With the project I work on, 4Suite-XML has probably cost us close to 6 months of developer time because of continued issues with its dependency on certain versions of expat, combined with the lack of time to fix the problem correctly. Now when I evaluate a library, fewer dependencies means that I will be able to upgrade my programming environment more easily and quickly.
it’s ironic that in your description for the simplegeneric package in PyPI you say “it has absolutely no dependencies” as if it was a positive thing
I just wanted to point out that at least one person, Robert Martin, has thought deeply about this issue as part of a set of OOD tenants that have been coined SOLID principles.

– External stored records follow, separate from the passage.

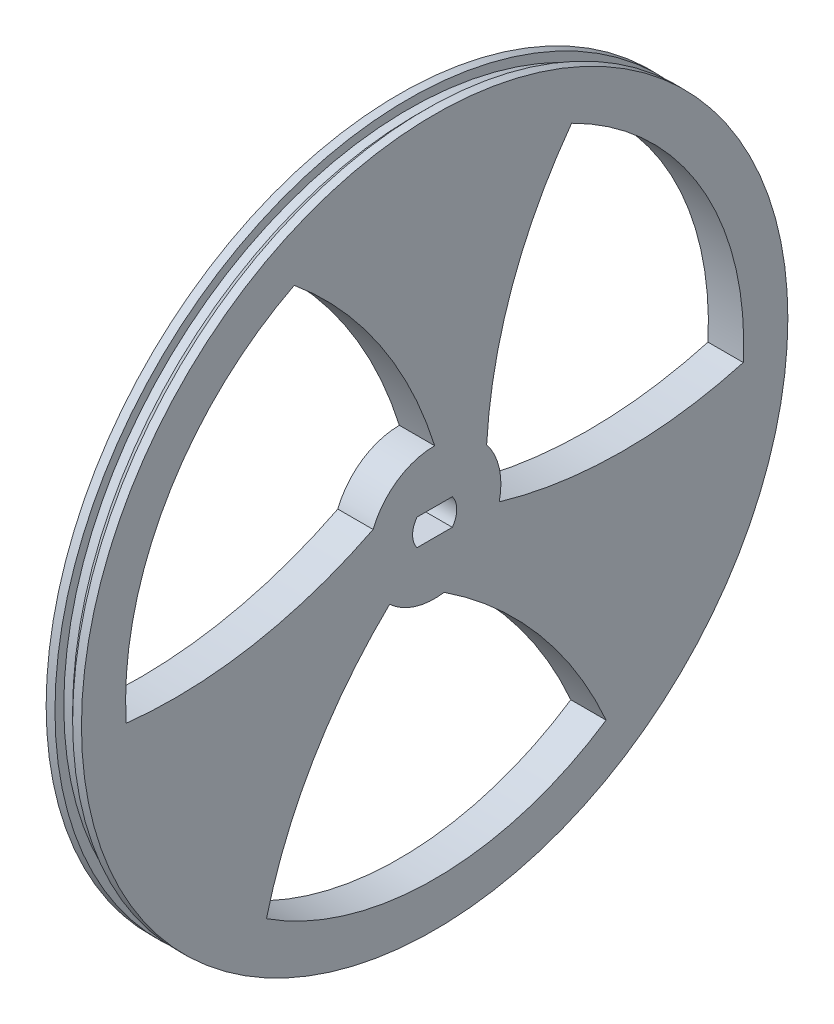
ISO-10303-21;
HEADER;
FILE_DESCRIPTION(('STEP AP214'),'2;1');
FILE_NAME('part.step','',(''),(''),'','','');
FILE_SCHEMA(('AUTOMOTIVE_DESIGN { 1 0 10303 214 1 1 1 1 }'));
ENDSEC;
DATA;
#1=APPLICATION_CONTEXT('core data for automotive mechanical design processes');
#2=APPLICATION_PROTOCOL_DEFINITION('international standard','automotive_design',2000,#1);
#3=PRODUCT_CONTEXT('',#1,'mechanical');
#4=PRODUCT('Part','Part','',(#3));
#5=PRODUCT_RELATED_PRODUCT_CATEGORY('part','',(#4));
#6=PRODUCT_DEFINITION_FORMATION('','',#4);
#7=PRODUCT_DEFINITION_CONTEXT('part definition',#1,'design');
#8=PRODUCT_DEFINITION('design','',#6,#7);
#9=PRODUCT_DEFINITION_SHAPE('','',#8);
#10=(LENGTH_UNIT() NAMED_UNIT(*) SI_UNIT(.MILLI.,.METRE.));
#11=(NAMED_UNIT(*) PLANE_ANGLE_UNIT() SI_UNIT($,.RADIAN.));
#12=(NAMED_UNIT(*) SI_UNIT($,.STERADIAN.) SOLID_ANGLE_UNIT());
#13=UNCERTAINTY_MEASURE_WITH_UNIT(LENGTH_MEASURE(1.E-05),#10,'distance_accuracy_value','');
#14=(GEOMETRIC_REPRESENTATION_CONTEXT(3) GLOBAL_UNCERTAINTY_ASSIGNED_CONTEXT((#13)) GLOBAL_UNIT_ASSIGNED_CONTEXT((#10,
#11,#12)) REPRESENTATION_CONTEXT('',''));
#15=CARTESIAN_POINT('',(0.,0.,0.));
#16=DIRECTION('',(0.,0.,1.));
#17=DIRECTION('',(1.,0.,0.));
#18=AXIS2_PLACEMENT_3D('',#15,#16,#17);
#19=CARTESIAN_POINT('',(-1.59907301805054,0.,0.));
#20=DIRECTION('',(-1.,0.,0.));
#21=DIRECTION('',(0.,0.,1.));
#22=AXIS2_PLACEMENT_3D('',#19,#20,#21);
#23=CYLINDRICAL_SURFACE('',#22,39.);
#24=CARTESIAN_POINT('',(1.,0.,0.));
#25=DIRECTION('',(-1.,0.,0.));
#26=DIRECTION('',(0.,0.,1.));
#27=AXIS2_PLACEMENT_3D('',#24,#25,#26);
#28=CIRCLE('',#27,39.);
#29=CARTESIAN_POINT('',(1.,0.,39.));
#30=VERTEX_POINT('',#29);
#31=EDGE_CURVE('E188',#30,#30,#28,.T.);
#32=ORIENTED_EDGE('',*,*,#31,.F.);
#33=EDGE_LOOP('',(#32));
#34=FACE_BOUND('',#33,.T.);
#35=CARTESIAN_POINT('',(2.,0.,0.));
#36=DIRECTION('',(-1.,0.,0.));
#37=DIRECTION('',(0.,0.,1.));
#38=AXIS2_PLACEMENT_3D('',#35,#36,#37);
#39=CIRCLE('',#38,39.);
#40=CARTESIAN_POINT('',(2.,0.,39.));
#41=VERTEX_POINT('',#40);
#42=EDGE_CURVE('E377',#41,#41,#39,.T.);
#43=ORIENTED_EDGE('',*,*,#42,.T.);
#44=EDGE_LOOP('',(#43));
#45=FACE_BOUND('',#44,.T.);
#46=ADVANCED_FACE('F39',(#34,#45),#23,.T.);
#47=CARTESIAN_POINT('',(4.,0.,0.));
#48=DIRECTION('',(-1.,0.,0.));
#49=DIRECTION('',(0.,0.,1.));
#50=AXIS2_PLACEMENT_3D('',#47,#48,#49);
#51=CYLINDRICAL_SURFACE('',#50,40.);
#52=CARTESIAN_POINT('',(0.,0.,0.));
#53=DIRECTION('',(1.,0.,0.));
#54=DIRECTION('',(0.,0.,-1.));
#55=AXIS2_PLACEMENT_3D('',#52,#53,#54);
#56=CIRCLE('',#55,40.);
#57=CARTESIAN_POINT('',(0.,0.,-40.));
#58=VERTEX_POINT('',#57);
#59=EDGE_CURVE('E43',#58,#58,#56,.T.);
#60=ORIENTED_EDGE('',*,*,#59,.T.);
#61=EDGE_LOOP('',(#60));
#62=FACE_BOUND('',#61,.T.);
#63=CARTESIAN_POINT('',(1.,0.,0.));
#64=DIRECTION('',(-1.,0.,0.));
#65=DIRECTION('',(0.,0.,1.));
#66=AXIS2_PLACEMENT_3D('',#63,#64,#65);
#67=CIRCLE('',#66,40.);
#68=CARTESIAN_POINT('',(1.,0.,40.));
#69=VERTEX_POINT('',#68);
#70=EDGE_CURVE('E383',#69,#69,#67,.T.);
#71=ORIENTED_EDGE('',*,*,#70,.T.);
#72=EDGE_LOOP('',(#71));
#73=FACE_BOUND('',#72,.T.);
#74=ADVANCED_FACE('F41',(#62,#73),#51,.T.);
#75=CARTESIAN_POINT('',(4.,0.,0.));
#76=DIRECTION('',(1.,0.,0.));
#77=DIRECTION('',(0.,0.,-1.));
#78=AXIS2_PLACEMENT_3D('',#75,#76,#77);
#79=CIRCLE('',#78,40.);
#80=CARTESIAN_POINT('',(4.,0.,-40.));
#81=VERTEX_POINT('',#80);
#82=EDGE_CURVE('E11',#81,#81,#79,.T.);
#83=ORIENTED_EDGE('',*,*,#82,.F.);
#84=EDGE_LOOP('',(#83));
#85=FACE_BOUND('',#84,.T.);
#86=CARTESIAN_POINT('',(3.,0.,0.));
#87=DIRECTION('',(-1.,0.,0.));
#88=DIRECTION('',(0.,0.,1.));
#89=AXIS2_PLACEMENT_3D('',#86,#87,#88);
#90=CIRCLE('',#89,40.);
#91=CARTESIAN_POINT('',(3.,0.,40.));
#92=VERTEX_POINT('',#91);
#93=EDGE_CURVE('E380',#92,#92,#90,.T.);
#94=ORIENTED_EDGE('',*,*,#93,.F.);
#95=EDGE_LOOP('',(#94));
#96=FACE_BOUND('',#95,.T.);
#97=ADVANCED_FACE('F366',(#85,#96),#51,.T.);
#98=CARTESIAN_POINT('',(4.,0.,0.));
#99=DIRECTION('',(1.,0.,0.));
#100=DIRECTION('',(0.,0.,-1.));
#101=AXIS2_PLACEMENT_3D('',#98,#99,#100);
#102=PLANE('',#101);
#103=ORIENTED_EDGE('',*,*,#82,.T.);
#104=EDGE_LOOP('',(#103));
#105=FACE_BOUND('',#104,.T.);
#106=DIRECTION('',(0.,0.,1.));
#107=VECTOR('',#106,1.);
#108=CARTESIAN_POINT('',(4.,1.5,2.));
#109=LINE('',#108,#107);
#110=CARTESIAN_POINT('',(4.,1.5,-2.));
#111=VERTEX_POINT('',#110);
#112=CARTESIAN_POINT('',(4.,1.5,2.));
#113=VERTEX_POINT('',#112);
#114=EDGE_CURVE('E293',#111,#113,#109,.T.);
#115=ORIENTED_EDGE('',*,*,#114,.F.);
#116=CARTESIAN_POINT('',(4.,0.,0.));
#117=DIRECTION('',(1.,0.,0.));
#118=DIRECTION('',(0.,0.,-1.));
#119=AXIS2_PLACEMENT_3D('',#116,#117,#118);
#120=CIRCLE('',#119,2.5);
#121=CARTESIAN_POINT('',(4.,-1.5,-2.));
#122=VERTEX_POINT('',#121);
#123=EDGE_CURVE('E290',#122,#111,#120,.T.);
#124=ORIENTED_EDGE('',*,*,#123,.F.);
#125=DIRECTION('',(0.,0.,-1.));
#126=VECTOR('',#125,1.);
#127=CARTESIAN_POINT('',(4.,-1.5,-2.));
#128=LINE('',#127,#126);
#129=CARTESIAN_POINT('',(4.,-1.5,2.));
#130=VERTEX_POINT('',#129);
#131=EDGE_CURVE('E301',#130,#122,#128,.T.);
#132=ORIENTED_EDGE('',*,*,#131,.F.);
#133=CARTESIAN_POINT('',(4.,0.,0.));
#134=DIRECTION('',(1.,0.,0.));
#135=DIRECTION('',(0.,0.,-1.));
#136=AXIS2_PLACEMENT_3D('',#133,#134,#135);
#137=CIRCLE('',#136,2.5);
#138=EDGE_CURVE('E297',#113,#130,#137,.T.);
#139=ORIENTED_EDGE('',*,*,#138,.F.);
#140=EDGE_LOOP('',(#115,#124,#132,#139));
#141=FACE_BOUND('',#140,.T.);
#142=CARTESIAN_POINT('',(4.,1.76584881371052,-55.8030158301804));
#143=DIRECTION('',(1.,0.,0.));
#144=DIRECTION('',(0.,0.,1.));
#145=AXIS2_PLACEMENT_3D('',#142,#143,#144);
#146=CIRCLE('',#145,50.);
#147=CARTESIAN_POINT('',(4.,31.3745456526574,-15.5125073759634));
#148=VERTEX_POINT('',#147);
#149=CARTESIAN_POINT('',(4.,4.64792982990707,-5.88614885101115));
#150=VERTEX_POINT('',#149);
#151=EDGE_CURVE('E250',#148,#150,#146,.T.);
#152=ORIENTED_EDGE('',*,*,#151,.F.);
#153=CARTESIAN_POINT('',(4.,0.,0.));
#154=DIRECTION('',(1.,0.,0.));
#155=DIRECTION('',(0.,0.,-1.));
#156=AXIS2_PLACEMENT_3D('',#153,#154,#155);
#157=CIRCLE('',#156,35.);
#158=CARTESIAN_POINT('',(4.,-1.81692167953096,-34.9528081219585));
#159=VERTEX_POINT('',#158);
#160=EDGE_CURVE('E247',#159,#148,#157,.T.);
#161=ORIENTED_EDGE('',*,*,#160,.F.);
#162=CARTESIAN_POINT('',(4.,46.3109136480361,-21.3987878075799));
#163=DIRECTION('',(1.,0.,0.));
#164=DIRECTION('',(0.,0.,-1.));
#165=AXIS2_PLACEMENT_3D('',#162,#163,#164);
#166=CIRCLE('',#165,50.);
#167=CARTESIAN_POINT('',(4.,-1.66400418565392,-7.31307664872495));
#168=VERTEX_POINT('',#167);
#169=EDGE_CURVE('E258',#168,#159,#166,.T.);
#170=ORIENTED_EDGE('',*,*,#169,.F.);
#171=CARTESIAN_POINT('',(4.,0.,0.));
#172=DIRECTION('',(-1.,0.,0.));
#173=DIRECTION('',(0.,0.,-1.));
#174=AXIS2_PLACEMENT_3D('',#171,#172,#173);
#175=CIRCLE('',#174,7.5);
#176=EDGE_CURVE('E254',#150,#168,#175,.T.);
#177=ORIENTED_EDGE('',*,*,#176,.F.);
#178=EDGE_LOOP('',(#152,#161,#170,#177));
#179=FACE_BOUND('',#178,.T.);
#180=CARTESIAN_POINT('',(4.,0.,0.));
#181=DIRECTION('',(1.,0.,0.));
#182=DIRECTION('',(0.,0.,-1.));
#183=AXIS2_PLACEMENT_3D('',#180,#181,#182);
#184=CIRCLE('',#183,35.);
#185=CARTESIAN_POINT('',(4.,31.1784806069845,15.9029037298189));
#186=VERTEX_POINT('',#185);
#187=CARTESIAN_POINT('',(4.,-2.25304736235283,34.9274072553775));
#188=VERTEX_POINT('',#187);
#189=EDGE_CURVE('E207',#186,#188,#184,.T.);
#190=ORIENTED_EDGE('',*,*,#189,.F.);
#191=CARTESIAN_POINT('',(4.,-7.37984247753008,47.7345816766408));
#192=DIRECTION('',(1.,0.,0.));
#193=DIRECTION('',(0.,0.,-1.));
#194=AXIS2_PLACEMENT_3D('',#191,#192,#193);
#195=CIRCLE('',#194,50.);
#196=CARTESIAN_POINT('',(4.,7.5,0.));
#197=VERTEX_POINT('',#196);
#198=EDGE_CURVE('E204',#197,#186,#195,.T.);
#199=ORIENTED_EDGE('',*,*,#198,.F.);
#200=CARTESIAN_POINT('',(4.,0.,0.));
#201=DIRECTION('',(-1.,0.,0.));
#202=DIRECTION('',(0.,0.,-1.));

The one that’s relevant to this discussion is the Stable Dependencies Principle (SDP). Basically, the assertion is that one should depend on packages that are at least more stable than one’s own. Martin then presents a simple metric to determine “stability” that punishes a package for its external dependencies relative to how many packages are dependent on it. Martin really doesn’t present the metric as much more than a guideline or rather a way of succinctly describing his principle.
Martin is somewhat a celebrated figure in the OOD community. Personally, I don’t find much of his principles that controversial. Furthermore, he does a good job making his case for them. His discussion of SDP is pretty much in line with some of the comments above.
I want to note, though, that I think there’s a bit of zealotry behind Martin’s principles. When I first encountered people talking about “SOLID principles,” it sounded like a bunch of hype. I was a bit disappointed when the principles turned out to be straight-forward things I’d been doing anyway. On the other hand, it’s good that someone wrote them down and gave them some names.